• _REQUIRED WORK_:
Everything from the line containing "msp.add_lwpolyline(points, close=True, dxfattribs=at)" through the final line of the records must be transcribed verbatim; nothing else belongs in the result.

━━━━━━━━━━━━━━━━━━━━

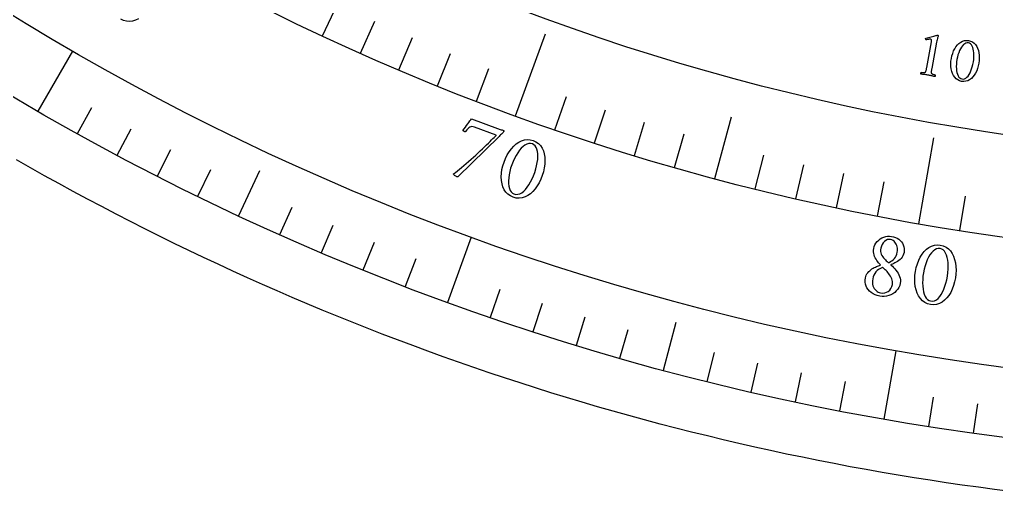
# Model space of a CAD drawing. Header units: millimetres. Extents: x -60 to 60, y -60 to 77.
# Drawn here: x -29.82 to -7.67, y -59.55 to -48.84 of the extents above; entities that cross this region are included whole.
import ezdxf

# ---------------------------------------------------------------- set-up
doc = ezdxf.new("R2010")
doc.units = ezdxf.units.MM
for name, color, linetype in [('CUT_OUTER', 1, 'Continuous'), ('ENGRAVE', 7, 'Continuous'), ('ENGRAVE_FINE', 8, 'Continuous'), ('TEXT', 5, 'Continuous')]:
    doc.layers.add(name, color=color, linetype=linetype)

msp = doc.modelspace()

# ---------------------------------------------------------------- linework, layer by layer
at = {"layer": 'CUT_OUTER'}
msp.add_lwpolyline([(-7.3446, -59.5488), (-7.7099, -59.5026), (-8.0748, -59.4542), (-8.4395, -59.4035), (-8.8038, -59.3506), (-9.1678, -59.2955), (-9.5315, -59.2381), (-9.8948, -59.1785), (-10.2577, -59.1167), (-10.6203, -59.0526), (-10.9824, -58.9863), (-11.3441, -58.9178), (-11.7054, -58.8471), (-12.0663, -58.7742), (-12.4267, -58.699), (-12.7866, -58.6217), (-13.1461, -58.5421), (-13.505, -58.4604), (-13.8635, -58.3764), (-14.2214, -58.2902), (-14.5788, -58.2019), (-14.9357, -58.1113), (-15.2919, -58.0186), (-15.6476, -57.9237), (-16.0028, -57.8266), (-16.3573, -57.7273), (-16.7112, -57.6258), (-17.0645, -57.5222), (-17.4171, -57.4164), (-17.7691, -57.3085), (-18.1204, -57.1984), (-18.471, -57.0861), (-18.8209, -56.9717), (-19.1701, -56.8551), (-19.5186, -56.7364), (-19.8664, -56.6156), (-20.2134, -56.4926), (-20.5596, -56.3676), (-20.9051, -56.2403), (-21.2498, -56.111), (-21.5937, -55.9796), (-21.9368, -55.846), (-22.279, -55.7104), (-22.6204, -55.5726), (-22.961, -55.4328), (-23.3007, -55.2908), (-23.6395, -55.1468), (-23.9775, -55.0007), (-24.3145, -54.8526), (-24.6506, -54.7024), (-24.9858, -54.5501), (-25.32, -54.3957), (-25.6533, -54.2394), (-25.9856, -54.0809), (-26.317, -53.9205), (-26.6473, -53.758), (-26.9767, -53.5935), (-27.305, -53.4269), (-27.6323, -53.2584), (-27.9586, -53.0878), (-28.2838, -52.9153), (-28.608, -52.7407), (-28.931, -52.5642), (-29.253, -52.3857), (-29.5739, -52.2052), (-29.8937, -52.0228)], dxfattribs=at)
at = {"layer": 'ENGRAVE'}
for points in [[(-22.9482, -49.2125), (-22.3345, -47.8966)], [(-18.5717, -51.0253), (-17.8945, -49.1647)], [(-29.4, -50.9223), (-28.6125, -49.5583)], [(-14.0539, -52.4498), (-13.6781, -51.0472)], [(-9.4291, -53.4751), (-9.0853, -51.5251)], [(-24.85, -53.2909), (-24.3745, -52.2713)], [(-20.1108, -55.2539), (-19.5721, -53.7739)], [(-15.2186, -56.7964), (-14.9274, -55.7098)], [(-10.2105, -57.9067), (-9.937, -56.3556)]]:
    msp.add_lwpolyline(points, dxfattribs=at)
for radius in [58.8, 58.8, 57.225, 54.3, 54.3, 51.99]:
    msp.add_circle((0, 0), radius, dxfattribs=at)
at = {"layer": 'ENGRAVE_FINE'}
for points in [[(-22.0858, -49.6055), (-21.7637, -48.882)], [(-21.2167, -49.9834), (-20.9072, -49.2544)], [(-20.3411, -50.3461), (-20.0444, -49.6118)], [(-19.4594, -50.6934), (-19.1756, -49.954)], [(-17.6784, -51.3417), (-17.4205, -50.5928)], [(-28.5068, -51.4276), (-28.1796, -50.8373)], [(-16.7796, -51.6424), (-16.5349, -50.8891)], [(-15.8758, -51.9273), (-15.6442, -51.17)], [(-27.6049, -51.9173), (-27.288, -51.3213)], [(-14.9671, -52.1965), (-14.7488, -51.4352)], [(-26.6946, -52.3912), (-26.3882, -51.7898)], [(-13.1364, -52.6871), (-12.9448, -51.9186)], [(-25.7762, -52.8491), (-25.4803, -52.2424)], [(-12.2148, -52.9083), (-12.0367, -52.1366)], [(-11.2896, -53.1134), (-11.1249, -52.3387)], [(-10.3609, -53.3024), (-10.2098, -52.5249)], [(-8.4944, -53.6315), (-8.3705, -52.8492)], [(-23.9161, -53.7165), (-23.6416, -53.0998)], [(-22.975, -54.1257), (-22.7112, -53.5043)], [(-22.0269, -54.5184), (-21.774, -53.8926)], [(-21.072, -54.8945), (-20.8301, -54.2644)], [(-19.1434, -55.5965), (-18.9236, -54.9583)], [(-18.1702, -55.9221), (-17.9616, -55.2802)], [(-17.1915, -56.2307), (-16.9941, -55.5852)], [(-16.2075, -56.5222), (-16.0214, -55.8733)], [(-14.225, -57.0534), (-14.0617, -56.3984)], [(-13.2271, -57.293), (-13.0753, -56.6353)], [(-12.2252, -57.5151), (-12.0849, -56.8548)], [(-11.2196, -57.7197), (-11.0908, -57.0571)], [(-9.1983, -58.0761), (-9.0928, -57.4094)], [(-8.1834, -58.2278), (-8.0894, -57.5593)]]:
    msp.add_lwpolyline(points, dxfattribs=at)
at = {"layer": 'TEXT'}
msp.add_lwpolyline([(-27.1265, -48.8266), (-27.1921, -48.8571), (-27.2594, -48.8779), (-27.3272, -48.8873), (-27.3941, -48.8837), (-27.4602, -48.8669), (-27.5253, -48.8369)], dxfattribs=at)
for points in [[(-9.2453, -49.93), (-9.1381, -49.3512), (-9.1359, -49.3369), (-9.135, -49.3249), (-9.1353, -49.3151), (-9.1368, -49.3075), (-9.1397, -49.3017), (-9.1441, -49.2971), (-9.1499, -49.2937), (-9.1571, -49.2916), (-9.1663, -49.2906), (-9.1779, -49.2906), (-9.192, -49.2915), (-9.2084, -49.2934), (-9.2251, -49.2958), (-9.2397, -49.298), (-9.2522, -49.3002), (-9.2626, -49.3022), (-9.2673, -49.2957), (-9.2703, -49.289), (-9.2715, -49.2821), (-9.271, -49.2749), (-9.271, -49.2748), (-9.2709, -49.2745), (-9.2708, -49.274), (-9.2707, -49.2734), (-9.27, -49.2708), (-9.2691, -49.2688), (-9.2679, -49.2674), (-9.2664, -49.2666), (-9.2351, -49.2588), (-9.2041, -49.2508), (-9.1733, -49.2427), (-9.1427, -49.2344), (-9.1136, -49.2264), (-9.0871, -49.2191), (-9.0632, -49.2126), (-9.0418, -49.2068), (-9.0242, -49.2021), (-9.0114, -49.1988), (-9.0034, -49.1968), (-9.0002, -49.1963), (-8.9974, -49.1968), (-8.9941, -49.198), (-8.9916, -49.2001), (-8.9898, -49.2033), (-8.9888, -49.2074), (-8.9882, -49.2119), (-8.9878, -49.216), (-8.9874, -49.2196), (-8.9872, -49.2229), (-8.9879, -49.2251), (-8.9903, -49.2316), (-8.9941, -49.2425), (-8.9995, -49.2578), (-9.0057, -49.2771), (-9.0118, -49.3004), (-9.0179, -49.3275), (-9.0239, -49.3586), (-9.1322, -49.9509), (-9.1351, -49.9667), (-9.1377, -49.982), (-9.1402, -49.9968), (-9.1425, -50.0111), (-9.1442, -50.0245), (-9.1451, -50.0368), (-9.1451, -50.0478), (-9.1442, -50.0578), (-9.1423, -50.0618), (-9.1384, -50.066), (-9.1325, -50.0704), (-9.1245, -50.075), (-9.1153, -50.0795), (-9.1057, -50.0835), (-9.0957, -50.0872), (-9.0854, -50.0904), (-9.0757, -50.0932), (-9.0675, -50.0954), (-9.0608, -50.097), (-9.0556, -50.0981), (-9.0543, -50.1019), (-9.0536, -50.1068), (-9.0536, -50.1127), (-9.0542, -50.1195), (-9.0555, -50.1263), (-9.0574, -50.1318), (-9.0599, -50.1361), (-9.0631, -50.1391), (-9.0845, -50.1338), (-9.105, -50.1287), (-9.1245, -50.1239), (-9.1432, -50.1193), (-9.1618, -50.1149), (-9.1812, -50.1106), (-9.2014, -50.1065), (-9.2224, -50.1025), (-9.2426, -50.0989), (-9.2619, -50.0958), (-9.2804, -50.0931), (-9.298, -50.0908), (-9.3158, -50.0887), (-9.3349, -50.0864), (-9.3553, -50.084), (-9.377, -50.0814), (-9.3789, -50.0774), (-9.3797, -50.0725), (-9.3795, -50.0667), (-9.3783, -50.0599), (-9.3764, -50.0532), (-9.3743, -50.0478), (-9.3719, -50.0435), (-9.3693, -50.0404), (-9.3641, -50.0412), (-9.3572, -50.0421), (-9.3488, -50.0429), (-9.3387, -50.0438), (-9.3279, -50.0444), (-9.3174, -50.0446), (-9.307, -50.0442), (-9.2967, -50.0433), (-9.2877, -50.0418), (-9.2809, -50.0398), (-9.2762, -50.0372), (-9.2737, -50.0339), (-9.2693, -50.025), (-9.2652, -50.0147), (-9.2614, -50.003), (-9.2579, -49.9899), (-9.2547, -49.9758), (-9.2515, -49.9611), (-9.2484, -49.9459), (-9.2453, -49.93)], [(-8.2993, -49.3209), (-8.2518, -49.3329), (-8.2096, -49.3521), (-8.1725, -49.3786), (-8.1406, -49.4122), (-8.1138, -49.4518), (-8.092, -49.4959), (-8.0752, -49.5446), (-8.0634, -49.5978), (-8.0565, -49.6542), (-8.0544, -49.7123), (-8.0572, -49.7722), (-8.0649, -49.8338), (-8.0771, -49.8948), (-8.0935, -49.9524), (-8.1141, -50.0069), (-8.139, -50.0581), (-8.1676, -50.1048), (-8.1996, -50.1456), (-8.2349, -50.1806), (-8.2735, -50.2098), (-8.3151, -50.2316), (-8.3592, -50.2448), (-8.4058, -50.2494), (-8.4548, -50.2453), (-8.5013, -50.2333), (-8.543, -50.2139), (-8.58, -50.1871), (-8.6123, -50.1528), (-8.6397, -50.1125), (-8.6619, -50.0678), (-8.6792, -50.0187), (-8.6913, -49.9652), (-8.6983, -49.9086), (-8.7002, -49.8504), (-8.697, -49.7904), (-8.6886, -49.7289), (-8.6757, -49.6681), (-8.6586, -49.6106), (-8.6374, -49.5564), (-8.6121, -49.5055), (-8.5831, -49.4591), (-8.551, -49.4187), (-8.5155, -49.3842), (-8.4769, -49.3557), (-8.4356, -49.3343), (-8.3922, -49.3214), (-8.3468, -49.3169), (-8.2993, -49.3209)], [(-8.3009, -49.375), (-8.3302, -49.3736), (-8.3586, -49.3794), (-8.3861, -49.3925), (-8.4127, -49.4128), (-8.438, -49.4392), (-8.4616, -49.4707), (-8.4837, -49.5074), (-8.5041, -49.5491), (-8.5225, -49.5949), (-8.5384, -49.6438), (-8.5518, -49.6957), (-8.5628, -49.7507), (-8.5708, -49.8056), (-8.5754, -49.8587), (-8.5767, -49.9101), (-8.5746, -49.9596), (-8.5694, -50.0061), (-8.5612, -50.0483), (-8.5501, -50.0862), (-8.536, -50.1197), (-8.5191, -50.1477), (-8.4995, -50.169), (-8.477, -50.1835), (-8.4518, -50.1914), (-8.4201, -50.193), (-8.39, -50.187), (-8.3615, -50.1734), (-8.3345, -50.1521), (-8.3093, -50.1243), (-8.286, -50.0914), (-8.2646, -50.0532), (-8.2451, -50.0098), (-8.2278, -49.9625), (-8.2127, -49.9128), (-8.2001, -49.8606), (-8.1897, -49.8059), (-8.182, -49.7505), (-8.1777, -49.6975), (-8.1766, -49.6468), (-8.1788, -49.5985), (-8.1841, -49.5536), (-8.1924, -49.5128), (-8.2035, -49.4763), (-8.2176, -49.4441), (-8.2345, -49.4171), (-8.254, -49.3967), (-8.2761, -49.3826), (-8.3009, -49.375)], [(-18.9812, -51.3155), (-18.9618, -51.3225), (-18.9415, -51.3294), (-18.9203, -51.3361), (-18.8981, -51.3427), (-18.8779, -51.3487), (-18.8623, -51.3533), (-18.8513, -51.3567), (-18.845, -51.3588), (-18.8402, -51.3619), (-18.8377, -51.3667), (-18.8375, -51.3732), (-18.8397, -51.3815), (-18.8449, -51.3922), (-18.8531, -51.404), (-18.8642, -51.4169), (-18.8783, -51.4309), (-18.8941, -51.4456), (-18.9104, -51.4609), (-18.9271, -51.4768), (-18.9444, -51.4932), (-19.881, -52.4137), (-19.8856, -52.415), (-19.8909, -52.4151), (-19.897, -52.4141), (-19.9037, -52.412), (-19.9153, -52.4068), (-19.9277, -52.3997), (-19.9408, -52.3907), (-19.9546, -52.3799), (-19.9667, -52.3687), (-19.9745, -52.3587), (-19.9782, -52.3498), (-19.9776, -52.3421), (-19.936, -52.3116), (-19.8917, -52.2774), (-19.8446, -52.2397), (-19.7947, -52.1983), (-19.743, -52.1545), (-19.6904, -52.1092), (-19.6369, -52.0625), (-19.5825, -52.0143), (-19.5282, -51.9656), (-19.4749, -51.917), (-19.4226, -51.8686), (-19.3713, -51.8204), (-19.3218, -51.7733), (-19.2749, -51.7282), (-19.2305, -51.6853), (-19.1887, -51.6444), (-19.1502, -51.6065), (-19.1157, -51.5726), (-19.0854, -51.5427), (-19.0591, -51.5167), (-19.0379, -51.4957), (-19.0227, -51.4808), (-19.0136, -51.4718), (-19.0106, -51.4688), (-19.5069, -51.2827), (-19.535, -51.2746), (-19.5613, -51.2724), (-19.5859, -51.2761), (-19.6087, -51.2857), (-19.6312, -51.301), (-19.6547, -51.322), (-19.6793, -51.3487), (-19.7049, -51.3811), (-19.7092, -51.3856), (-19.7154, -51.3876), (-19.7235, -51.3871), (-19.7335, -51.3841), (-19.7369, -51.3825), (-19.7409, -51.3801), (-19.7456, -51.3768), (-19.751, -51.3727), (-19.7563, -51.3684), (-19.7607, -51.3643), (-19.7642, -51.3607), (-19.7669, -51.3573), (-19.7384, -51.3216), (-19.7102, -51.2853), (-19.6823, -51.2485), (-19.6546, -51.2112), (-19.6287, -51.1756), (-19.6063, -51.1441), (-19.5872, -51.1167), (-19.5716, -51.0933)], [(-18.1736, -51.5887), (-18.1089, -51.6176), (-18.0534, -51.6556), (-18.0071, -51.7026), (-17.9699, -51.7587), (-17.9414, -51.822), (-17.9212, -51.8905), (-17.9092, -51.9644), (-17.9054, -52.0436), (-17.9095, -52.1261), (-17.9209, -52.2099), (-17.9396, -52.2951), (-17.9658, -52.3815), (-17.9983, -52.4659), (-18.036, -52.5445), (-18.079, -52.6175), (-18.1272, -52.6848), (-18.1798, -52.7447), (-18.2357, -52.7953), (-18.295, -52.8367), (-18.3577, -52.8689), (-18.4228, -52.8899), (-18.4894, -52.8979), (-18.5573, -52.8929), (-18.6267, -52.8747), (-18.6904, -52.846), (-18.7454, -52.8077), (-18.7918, -52.76), (-18.8296, -52.7027), (-18.8588, -52.6381), (-18.8795, -52.5685), (-18.8919, -52.4938), (-18.8958, -52.414), (-18.8917, -52.3312), (-18.8797, -52.2473), (-18.86, -52.1623), (-18.8325, -52.0762), (-18.7987, -51.9924), (-18.7597, -51.9144), (-18.7157, -51.842), (-18.6667, -51.7754), (-18.6137, -51.7162), (-18.5575, -51.6664), (-18.4983, -51.6258), (-18.4359, -51.5945), (-18.3716, -51.5742), (-18.3065, -51.5664), (-18.2405, -51.5713), (-18.1736, -51.5887)], [(-18.1895, -51.6658), (-18.231, -51.6566), (-18.273, -51.6579), (-18.3155, -51.6698), (-18.3585, -51.6923), (-18.4013, -51.7239), (-18.4431, -51.7632), (-18.4837, -51.8102), (-18.5234, -51.8648), (-18.5612, -51.9259), (-18.5962, -51.9919), (-18.6285, -52.063), (-18.658, -52.139), (-18.6831, -52.2157), (-18.7031, -52.2907), (-18.7177, -52.3639), (-18.7272, -52.4354), (-18.7313, -52.5033), (-18.7302, -52.5658), (-18.7237, -52.6228), (-18.712, -52.6744), (-18.6947, -52.7188), (-18.6718, -52.7542), (-18.6432, -52.7807), (-18.609, -52.7982), (-18.5639, -52.8085), (-18.5192, -52.8074), (-18.4749, -52.7949), (-18.4309, -52.7711), (-18.3879, -52.7376), (-18.3463, -52.6962), (-18.3062, -52.6467), (-18.2675, -52.5893), (-18.2309, -52.5258), (-18.1971, -52.4583), (-18.166, -52.3866), (-18.1376, -52.3108), (-18.113, -52.2333), (-18.0936, -52.1583), (-18.0795, -52.086), (-18.0707, -52.0163), (-18.0671, -51.9505), (-18.0688, -51.8901), (-18.0757, -51.8351), (-18.0878, -51.7854), (-18.1051, -51.7426), (-18.1279, -51.7085), (-18.156, -51.6829), (-18.1895, -51.6658)], [(-10.0442, -53.7616), (-9.9996, -53.7723), (-9.9577, -53.7871), (-9.9186, -53.806), (-9.8823, -53.8291), (-9.8496, -53.8559), (-9.8214, -53.886), (-9.7977, -53.9193), (-9.7785, -53.956), (-9.7648, -53.9957), (-9.7575, -54.038), (-9.7567, -54.083), (-9.7623, -54.1308), (-9.7717, -54.1695), (-9.7854, -54.2048), (-9.8034, -54.2365), (-9.8257, -54.2647), (-9.851, -54.2899), (-9.8778, -54.3125), (-9.9063, -54.3327), (-9.9364, -54.3503), (-9.9668, -54.366), (-9.9963, -54.3801), (-10.0248, -54.3928), (-10.0524, -54.4039), (-10.0584, -54.4053), (-10.0608, -54.4079), (-10.0596, -54.4117), (-10.0548, -54.4167), (-10.0264, -54.441), (-9.9987, -54.4678), (-9.9715, -54.4973), (-9.945, -54.5294), (-9.9202, -54.5634), (-9.8982, -54.5985), (-9.8793, -54.6347), (-9.8632, -54.6721), (-9.8512, -54.7099), (-9.8446, -54.7475), (-9.8433, -54.7851), (-9.8473, -54.8225), (-9.86, -54.8728), (-9.8791, -54.9192), (-9.9047, -54.9617), (-9.9368, -55.0002), (-9.974, -55.0342), (-10.0148, -55.0629), (-10.0594, -55.0864), (-10.1075, -55.1046), (-10.1579, -55.1171), (-10.2089, -55.1231), (-10.2606, -55.1228), (-10.3129, -55.1162), (-10.3677, -55.1031), (-10.4184, -55.0853), (-10.4651, -55.0627), (-10.5075, -55.0353), (-10.5451, -55.0038), (-10.5768, -54.969), (-10.6026, -54.9309), (-10.6227, -54.8895), (-10.6365, -54.8456), (-10.6436, -54.7999), (-10.6439, -54.7525), (-10.6375, -54.7034), (-10.6292, -54.6705), (-10.6175, -54.6399), (-10.6023, -54.6117), (-10.5838, -54.5857), (-10.5628, -54.5619), (-10.5402, -54.5401), (-10.5161, -54.5201), (-10.4905, -54.5022), (-10.4642, -54.486), (-10.4381, -54.4714), (-10.4122, -54.4584), (-10.3865, -54.4471), (-10.3619, -54.437), (-10.3397, -54.4278), (-10.3196, -54.4196), (-10.3019, -54.4124), (-10.2981, -54.4099), (-10.2965, -54.4073), (-10.2971, -54.4046), (-10.2999, -54.4017), (-10.3188, -54.3835), (-10.3382, -54.3622), (-10.3579, -54.338), (-10.378, -54.3108), (-10.3971, -54.2812), (-10.414, -54.2501), (-10.4287, -54.2172), (-10.4411, -54.1828), (-10.45, -54.1471), (-10.4542, -54.1107), (-10.4538, -54.0735), (-10.4487, -54.0356), (-10.4373, -53.9923), (-10.4202, -53.9517), (-10.3976, -53.9138), (-10.3694, -53.8787), (-10.3369, -53.8471), (-10.3013, -53.8197), (-10.2626, -53.7967), (-10.2208, -53.778), (-10.1773, -53.7645), (-10.1334, -53.7573), (-10.089, -53.7563), (-10.0442, -53.7616)], [(-10.0683, -53.8321), (-10.1044, -53.8298), (-10.1393, -53.8364), (-10.1732, -53.8521), (-10.2059, -53.8768), (-10.2352, -53.9082), (-10.2586, -53.944), (-10.2763, -53.9842), (-10.2881, -54.0289), (-10.293, -54.0672), (-10.2928, -54.1033), (-10.2873, -54.1372), (-10.2766, -54.169), (-10.2621, -54.1985), (-10.2455, -54.2259), (-10.2267, -54.251), (-10.2056, -54.2739), (-10.1841, -54.2949), (-10.1639, -54.3143), (-10.145, -54.332), (-10.1275, -54.3481), (-10.1253, -54.3495), (-10.1225, -54.3507), (-10.1192, -54.3517), (-10.1152, -54.3526), (-10.1143, -54.3528), (-10.1136, -54.3529), (-10.1132, -54.353), (-10.1131, -54.353), (-10.11, -54.3534), (-10.1072, -54.3535), (-10.1045, -54.3533), (-10.1021, -54.3528), (-10.0677, -54.3358), (-10.0361, -54.3155), (-10.0071, -54.2919), (-9.9809, -54.265), (-9.9581, -54.2348), (-9.9396, -54.201), (-9.9254, -54.1636), (-9.9155, -54.1227), (-9.9114, -54.0918), (-9.9104, -54.0609), (-9.9125, -54.0299), (-9.9178, -53.9989), (-9.926, -53.9689), (-9.9372, -53.9408), (-9.9514, -53.9146), (-9.9684, -53.8904), (-9.9885, -53.8693), (-10.0118, -53.8526), (-10.0384, -53.8402), (-10.0683, -53.8321)], [(-8.9393, -53.9608), (-8.8705, -53.978), (-8.8093, -54.0057), (-8.7555, -54.044), (-8.7091, -54.0928), (-8.6701, -54.1502), (-8.6382, -54.2142), (-8.6136, -54.2849), (-8.5961, -54.3622), (-8.5858, -54.4441), (-8.5825, -54.5286), (-8.5862, -54.6158), (-8.5969, -54.7055), (-8.6143, -54.7942), (-8.6378, -54.8782), (-8.6674, -54.9575), (-8.7032, -55.0322), (-8.7445, -55.1002), (-8.7908, -55.1598), (-8.8421, -55.2109), (-8.8982, -55.2535), (-8.9587, -55.2855), (-9.0228, -55.3049), (-9.0907, -55.3117), (-9.1621, -55.3059), (-9.2298, -55.2887), (-9.2907, -55.2606), (-9.3447, -55.2216), (-9.3918, -55.1717), (-9.4318, -55.1132), (-9.4643, -55.0483), (-9.4894, -54.9769), (-9.5072, -54.899), (-9.5175, -54.8167), (-9.5203, -54.732), (-9.5156, -54.6449), (-9.5035, -54.5553), (-9.4847, -54.4669), (-9.4599, -54.3833), (-9.4291, -54.3044), (-9.3925, -54.2303), (-9.3505, -54.1628), (-9.3038, -54.1039), (-9.2525, -54.0537), (-9.1965, -54.0121), (-9.1367, -53.9808), (-9.074, -53.9619), (-9.0081, -53.9552), (-8.9393, -53.9608)], [(-8.9415, -54.0395), (-8.984, -54.0376), (-9.0251, -54.0462), (-9.0649, -54.0653), (-9.1034, -54.0949), (-9.14, -54.1334), (-9.1743, -54.1794), (-9.2062, -54.2327), (-9.2358, -54.2934), (-9.2623, -54.3601), (-9.2854, -54.4312), (-9.3048, -54.5068), (-9.3207, -54.5868), (-9.3321, -54.6667), (-9.3387, -54.744), (-9.3405, -54.8187), (-9.3374, -54.8907), (-9.3297, -54.9584), (-9.3177, -55.0197), (-9.3014, -55.0747), (-9.2809, -55.1235), (-9.2562, -55.1642), (-9.2274, -55.1951), (-9.1947, -55.2162), (-9.158, -55.2275), (-9.1118, -55.2298), (-9.0679, -55.2209), (-9.0264, -55.201), (-8.9873, -55.1699), (-8.9507, -55.1294), (-8.917, -55.0814), (-8.8861, -55.0257), (-8.8579, -54.9625), (-8.8329, -54.8936), (-8.8113, -54.8212), (-8.7932, -54.7452), (-8.7784, -54.6657), (-8.7676, -54.585), (-8.7615, -54.5078), (-8.7602, -54.4342), (-8.7636, -54.364), (-8.7715, -54.2986), (-8.7837, -54.2394), (-8.8, -54.1864), (-8.8205, -54.1395), (-8.8451, -54.1005), (-8.8734, -54.0708), (-8.9055, -54.0504), (-8.9415, -54.0395)], [(-10.2946, -55.0424), (-10.245, -55.0475), (-10.1992, -55.0436), (-10.1571, -55.0308), (-10.1188, -55.0089), (-10.0857, -54.9793), (-10.0594, -54.9432), (-10.0398, -54.9006), (-10.0269, -54.8516), (-10.0234, -54.8197), (-10.0246, -54.7879), (-10.0305, -54.7561), (-10.0411, -54.7245), (-10.055, -54.6936), (-10.0707, -54.664), (-10.0884, -54.6356), (-10.1078, -54.6086), (-10.128, -54.5833), (-10.1478, -54.5601), (-10.1671, -54.5391), (-10.186, -54.5202), (-10.2029, -54.5041), (-10.2163, -54.4914), (-10.2262, -54.4821), (-10.2326, -54.4762), (-10.2363, -54.4736), (-10.2395, -54.4716), (-10.2422, -54.4702), (-10.2446, -54.4695), (-10.2475, -54.4691), (-10.25, -54.4691), (-10.252, -54.4694), (-10.2535, -54.4701), (-10.2983, -54.4902), (-10.3377, -54.5132), (-10.3719, -54.5391), (-10.4007, -54.5679), (-10.4248, -54.6007), (-10.4447, -54.6384), (-10.4605, -54.6811), (-10.4722, -54.7286), (-10.4779, -54.7701), (-10.4788, -54.8093), (-10.4748, -54.8463), (-10.4659, -54.881), (-10.4531, -54.913), (-10.4373, -54.9419), (-10.4186, -54.9676), (-10.3968, -54.9901), (-10.373, -55.0091), (-10.348, -55.0241), (-10.3219, -55.0352), (-10.2946, -55.0424)]]:
    msp.add_lwpolyline(points, close=True, dxfattribs=at)

doc.saveas('drawing.dxf')

━━━━━━━━━━━━━━━━━━━━

• _RESULT OF THIS TASK_:
    msp.add_lwpolyline(points, close=True, dxfattribs=at)

doc.saveas('drawing.dxf')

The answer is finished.